Arrau's rendition is my favorite. I enjoy the drama and passion that he brings to (or brings out in) this work. He makes it sound almost Lisztian--a good thing in my book!


----------



## hpowders

Bettina said:


> Arrau's rendition is my favorite. I enjoy the drama and passion that he brings to (or brings out in) this work. He makes it sound almost Lisztian--a good thing in my book!


I save Arrau for the Schumann Symphonic Etudes.


----------



## chesapeake bay

I like Mikhaïl Rudy and Idil Biret but I haven't listened to the others mentioned yet.


----------



## Bulldog

I have five favorites: Fleisher, Cohen, Petrushansky, Petri and Solomon.


----------



## chesapeake bay

Also glad you started this thread so I remember to listen to it again, quite enjoyable


----------



## silentio

hpowders said:


> By the way, I must proclaim that the Brahms Variations and Fugue on a Theme by Handel just may be my favorite solo piano work of all time.
> 
> There! I feel better now!


While at the time of this writing, I still consider either his _Klavierstucke_ Op.118 or Schuman's _Davidsbundlertanze_ my most favorite solo piano work, I do think that the Handel Variations is the best of its genre (yes, better than Goldberg and Diabelli). I'm not alone then


----------



## silentio

chesapeake bay said:


> I like Mikhaïl Rudy and Idiel Biret but I haven't listened to the others mentioned yet.


Right, I forgot Rudy!


----------



## hpowders

silentio said:


> Right, I forgot Rudy!


When I first saw "Rudy", I thought you were name-dropping Rudolf Serkin. The Brahms Handel Variations were right up his alley.


----------



## hpowders

Bulldog said:


> I have five favorites: Fleisher, Cohen, Petrushansky, Petri and Solomon.

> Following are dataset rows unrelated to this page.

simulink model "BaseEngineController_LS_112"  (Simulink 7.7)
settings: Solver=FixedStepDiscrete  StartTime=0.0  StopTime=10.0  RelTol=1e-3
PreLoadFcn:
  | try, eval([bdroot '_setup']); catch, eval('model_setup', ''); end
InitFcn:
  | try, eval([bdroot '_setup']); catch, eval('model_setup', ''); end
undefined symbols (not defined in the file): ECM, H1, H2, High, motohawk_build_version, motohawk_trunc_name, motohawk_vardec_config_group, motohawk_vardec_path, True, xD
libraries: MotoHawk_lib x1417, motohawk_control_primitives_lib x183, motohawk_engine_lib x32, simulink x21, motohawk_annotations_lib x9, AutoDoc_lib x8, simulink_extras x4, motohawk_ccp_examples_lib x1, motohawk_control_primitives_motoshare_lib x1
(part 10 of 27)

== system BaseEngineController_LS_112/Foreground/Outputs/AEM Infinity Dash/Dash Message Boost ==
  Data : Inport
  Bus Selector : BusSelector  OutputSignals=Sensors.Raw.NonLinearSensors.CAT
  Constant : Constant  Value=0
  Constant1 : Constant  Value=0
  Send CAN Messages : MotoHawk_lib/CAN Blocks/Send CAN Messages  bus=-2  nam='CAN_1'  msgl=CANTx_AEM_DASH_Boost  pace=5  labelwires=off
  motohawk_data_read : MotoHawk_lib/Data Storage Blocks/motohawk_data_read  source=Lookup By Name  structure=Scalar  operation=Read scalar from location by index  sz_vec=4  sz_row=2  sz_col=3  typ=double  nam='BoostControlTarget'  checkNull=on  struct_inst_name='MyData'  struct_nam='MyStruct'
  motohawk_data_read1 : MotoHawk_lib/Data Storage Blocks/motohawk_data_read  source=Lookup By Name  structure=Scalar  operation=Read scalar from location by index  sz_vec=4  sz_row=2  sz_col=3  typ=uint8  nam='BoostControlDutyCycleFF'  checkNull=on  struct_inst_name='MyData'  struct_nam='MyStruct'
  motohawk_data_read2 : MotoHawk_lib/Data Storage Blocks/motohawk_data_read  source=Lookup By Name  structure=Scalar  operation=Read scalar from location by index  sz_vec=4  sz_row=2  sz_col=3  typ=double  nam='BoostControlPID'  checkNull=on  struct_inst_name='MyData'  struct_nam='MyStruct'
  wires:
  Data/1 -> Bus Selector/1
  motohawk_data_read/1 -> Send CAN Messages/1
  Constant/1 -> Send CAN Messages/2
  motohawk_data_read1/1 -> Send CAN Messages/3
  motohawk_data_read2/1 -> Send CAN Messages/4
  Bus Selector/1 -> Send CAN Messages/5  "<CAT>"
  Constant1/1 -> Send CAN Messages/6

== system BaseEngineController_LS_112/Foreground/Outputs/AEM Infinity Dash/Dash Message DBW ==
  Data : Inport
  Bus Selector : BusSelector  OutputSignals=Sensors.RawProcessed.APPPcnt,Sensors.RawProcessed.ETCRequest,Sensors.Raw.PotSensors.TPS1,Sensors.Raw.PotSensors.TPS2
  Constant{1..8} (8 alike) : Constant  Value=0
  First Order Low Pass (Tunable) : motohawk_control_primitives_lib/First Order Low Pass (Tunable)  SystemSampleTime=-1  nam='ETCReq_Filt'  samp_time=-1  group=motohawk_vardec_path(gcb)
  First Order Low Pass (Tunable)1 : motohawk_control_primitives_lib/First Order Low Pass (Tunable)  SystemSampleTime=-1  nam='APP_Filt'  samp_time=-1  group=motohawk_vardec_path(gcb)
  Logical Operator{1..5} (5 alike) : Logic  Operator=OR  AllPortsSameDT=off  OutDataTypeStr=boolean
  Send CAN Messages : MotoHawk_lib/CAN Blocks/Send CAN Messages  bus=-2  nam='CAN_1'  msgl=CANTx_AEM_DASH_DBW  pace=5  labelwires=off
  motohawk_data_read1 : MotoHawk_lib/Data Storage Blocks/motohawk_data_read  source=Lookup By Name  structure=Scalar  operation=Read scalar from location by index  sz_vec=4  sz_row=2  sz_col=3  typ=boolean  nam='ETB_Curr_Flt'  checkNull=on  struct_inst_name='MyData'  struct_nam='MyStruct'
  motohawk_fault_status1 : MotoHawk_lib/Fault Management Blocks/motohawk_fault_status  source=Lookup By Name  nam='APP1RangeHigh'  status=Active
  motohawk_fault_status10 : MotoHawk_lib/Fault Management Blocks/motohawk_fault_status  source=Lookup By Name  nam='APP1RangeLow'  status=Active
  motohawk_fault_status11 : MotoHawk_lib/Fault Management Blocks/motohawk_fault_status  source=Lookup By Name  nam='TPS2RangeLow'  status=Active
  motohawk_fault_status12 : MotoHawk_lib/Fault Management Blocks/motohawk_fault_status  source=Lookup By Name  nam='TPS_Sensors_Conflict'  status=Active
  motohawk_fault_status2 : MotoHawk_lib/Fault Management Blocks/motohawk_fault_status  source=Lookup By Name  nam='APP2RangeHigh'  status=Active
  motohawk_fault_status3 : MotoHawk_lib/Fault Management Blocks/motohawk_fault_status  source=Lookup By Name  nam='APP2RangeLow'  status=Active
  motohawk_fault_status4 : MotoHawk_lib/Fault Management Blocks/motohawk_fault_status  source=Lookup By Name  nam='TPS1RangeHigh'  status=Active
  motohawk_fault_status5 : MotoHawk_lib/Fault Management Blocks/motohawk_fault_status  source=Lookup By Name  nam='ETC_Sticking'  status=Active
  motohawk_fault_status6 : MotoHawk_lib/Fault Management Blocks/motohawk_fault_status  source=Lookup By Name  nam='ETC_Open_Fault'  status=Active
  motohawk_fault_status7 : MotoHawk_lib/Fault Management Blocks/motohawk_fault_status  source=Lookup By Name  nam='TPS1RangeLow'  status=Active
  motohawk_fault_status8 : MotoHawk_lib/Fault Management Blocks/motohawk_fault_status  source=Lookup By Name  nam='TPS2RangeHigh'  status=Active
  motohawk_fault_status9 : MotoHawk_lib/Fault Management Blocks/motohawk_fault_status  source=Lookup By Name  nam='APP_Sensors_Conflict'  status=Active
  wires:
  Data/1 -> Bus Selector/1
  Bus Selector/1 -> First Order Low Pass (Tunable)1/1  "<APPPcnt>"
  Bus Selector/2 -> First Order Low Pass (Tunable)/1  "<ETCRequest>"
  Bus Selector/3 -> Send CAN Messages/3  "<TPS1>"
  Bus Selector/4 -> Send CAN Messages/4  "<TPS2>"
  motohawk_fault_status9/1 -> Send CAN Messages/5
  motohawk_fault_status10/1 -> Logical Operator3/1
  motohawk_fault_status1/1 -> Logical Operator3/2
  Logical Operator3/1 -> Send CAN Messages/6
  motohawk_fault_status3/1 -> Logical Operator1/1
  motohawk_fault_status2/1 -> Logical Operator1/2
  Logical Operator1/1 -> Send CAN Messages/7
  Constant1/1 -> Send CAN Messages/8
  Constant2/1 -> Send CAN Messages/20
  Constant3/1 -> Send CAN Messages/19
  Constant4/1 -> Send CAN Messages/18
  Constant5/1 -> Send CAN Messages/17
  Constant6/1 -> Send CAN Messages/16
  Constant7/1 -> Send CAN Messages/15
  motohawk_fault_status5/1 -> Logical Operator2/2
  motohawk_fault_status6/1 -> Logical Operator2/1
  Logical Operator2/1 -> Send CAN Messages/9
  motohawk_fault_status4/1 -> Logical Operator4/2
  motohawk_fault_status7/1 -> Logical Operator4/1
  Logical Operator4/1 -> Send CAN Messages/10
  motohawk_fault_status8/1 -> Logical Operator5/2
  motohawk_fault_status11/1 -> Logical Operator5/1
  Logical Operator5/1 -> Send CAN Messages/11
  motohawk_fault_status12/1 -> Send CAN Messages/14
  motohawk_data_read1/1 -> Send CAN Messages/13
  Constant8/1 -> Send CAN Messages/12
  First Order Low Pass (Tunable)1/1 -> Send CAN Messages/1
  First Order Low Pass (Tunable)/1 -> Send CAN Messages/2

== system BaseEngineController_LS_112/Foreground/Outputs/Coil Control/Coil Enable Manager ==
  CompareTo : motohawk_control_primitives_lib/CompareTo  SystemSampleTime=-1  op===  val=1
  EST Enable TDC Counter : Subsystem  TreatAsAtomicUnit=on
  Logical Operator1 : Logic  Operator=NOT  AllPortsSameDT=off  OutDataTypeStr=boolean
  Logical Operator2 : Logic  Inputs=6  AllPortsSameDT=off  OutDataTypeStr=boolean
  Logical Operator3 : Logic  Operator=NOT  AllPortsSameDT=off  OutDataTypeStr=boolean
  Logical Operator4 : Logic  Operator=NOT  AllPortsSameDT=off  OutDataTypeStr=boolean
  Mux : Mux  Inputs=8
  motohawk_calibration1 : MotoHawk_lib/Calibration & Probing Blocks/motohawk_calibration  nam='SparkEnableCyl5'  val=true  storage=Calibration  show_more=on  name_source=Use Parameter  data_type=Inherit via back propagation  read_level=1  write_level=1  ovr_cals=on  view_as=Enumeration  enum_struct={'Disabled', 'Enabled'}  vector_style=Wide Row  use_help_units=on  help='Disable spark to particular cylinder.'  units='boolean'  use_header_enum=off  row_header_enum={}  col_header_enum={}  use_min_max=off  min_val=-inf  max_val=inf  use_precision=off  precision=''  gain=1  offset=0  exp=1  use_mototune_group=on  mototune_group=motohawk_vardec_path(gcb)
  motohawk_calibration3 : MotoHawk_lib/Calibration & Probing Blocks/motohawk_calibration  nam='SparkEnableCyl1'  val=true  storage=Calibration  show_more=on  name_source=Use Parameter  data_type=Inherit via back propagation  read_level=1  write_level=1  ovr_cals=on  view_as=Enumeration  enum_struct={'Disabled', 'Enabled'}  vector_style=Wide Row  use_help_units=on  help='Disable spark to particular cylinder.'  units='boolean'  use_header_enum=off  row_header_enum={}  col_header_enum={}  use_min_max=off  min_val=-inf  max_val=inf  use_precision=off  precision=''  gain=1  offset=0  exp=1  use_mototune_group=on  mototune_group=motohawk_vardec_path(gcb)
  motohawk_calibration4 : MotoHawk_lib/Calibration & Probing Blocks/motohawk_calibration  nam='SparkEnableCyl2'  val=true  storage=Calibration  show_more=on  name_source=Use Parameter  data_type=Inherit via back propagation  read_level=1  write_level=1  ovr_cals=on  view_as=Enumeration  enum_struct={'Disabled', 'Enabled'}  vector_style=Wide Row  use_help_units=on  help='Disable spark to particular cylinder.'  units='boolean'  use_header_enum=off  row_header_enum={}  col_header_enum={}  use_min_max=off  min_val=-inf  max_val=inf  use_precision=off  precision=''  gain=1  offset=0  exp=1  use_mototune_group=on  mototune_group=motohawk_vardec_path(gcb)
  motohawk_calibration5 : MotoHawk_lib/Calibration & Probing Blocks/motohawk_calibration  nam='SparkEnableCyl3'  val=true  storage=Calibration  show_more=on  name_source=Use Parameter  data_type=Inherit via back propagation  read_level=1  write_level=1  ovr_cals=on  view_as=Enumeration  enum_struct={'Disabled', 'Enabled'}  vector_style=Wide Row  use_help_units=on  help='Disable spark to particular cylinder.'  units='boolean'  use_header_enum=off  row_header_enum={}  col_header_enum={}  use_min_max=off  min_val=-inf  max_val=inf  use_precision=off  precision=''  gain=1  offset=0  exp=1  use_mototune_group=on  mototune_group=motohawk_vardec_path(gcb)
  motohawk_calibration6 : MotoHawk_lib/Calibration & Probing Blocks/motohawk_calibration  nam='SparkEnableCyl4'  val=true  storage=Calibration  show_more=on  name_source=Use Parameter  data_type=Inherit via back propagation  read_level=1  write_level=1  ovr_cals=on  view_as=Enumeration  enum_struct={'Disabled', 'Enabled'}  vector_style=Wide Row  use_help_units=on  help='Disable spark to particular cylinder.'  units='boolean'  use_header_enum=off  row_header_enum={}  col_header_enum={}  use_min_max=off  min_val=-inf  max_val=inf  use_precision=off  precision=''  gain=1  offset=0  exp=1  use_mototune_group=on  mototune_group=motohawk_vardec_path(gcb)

Sounds like a Wall Street law firm.

Why waste another post? No. The Haydn Variations isn't a favorite of mine.


----------



## silentio

Sorry for diverging the topic a bit. Speaking of Brahms and variations, do you guys like the *Haydn* variation played by two pianos?


----------



## Bettina

silentio said:


> Sorry for diverging the topic a bit. Speaking of Brahms and variations, do you guys like the *Haydn* variation played by two pianos?


Yes, but I prefer it in the orchestral version. The orchestral timbres (especially the oboe, horn and bassoon) suit the theme very nicely.


----------



## Pugg

silentio said:


> I like Leon Fleisher's. How about you?


Julius Katchen to start with.


----------



## Pugg

Bulldog said:


> I have five favorites: Fleisher, Cohen, Petrushansky, Petri and Solomon.


May I add Ashkenzy and Perahia?


----------



## Marinera

hpowders said:


> I save Arrau for the Schumann Symphonic Etudes.


I'm still considering which Schumann's symphonic etudes to acquire and I 've read very good reviews about Pollini's version. I think I'll just have to listen to them all on youtube or spotify.


----------



## hpowders

Marinera said:


> I'm still considering which Schumann's symphonic etudes to acquire and I 've read very good reviews about Pollini's version. I think I'll just have to listen to them all on youtube or spotify.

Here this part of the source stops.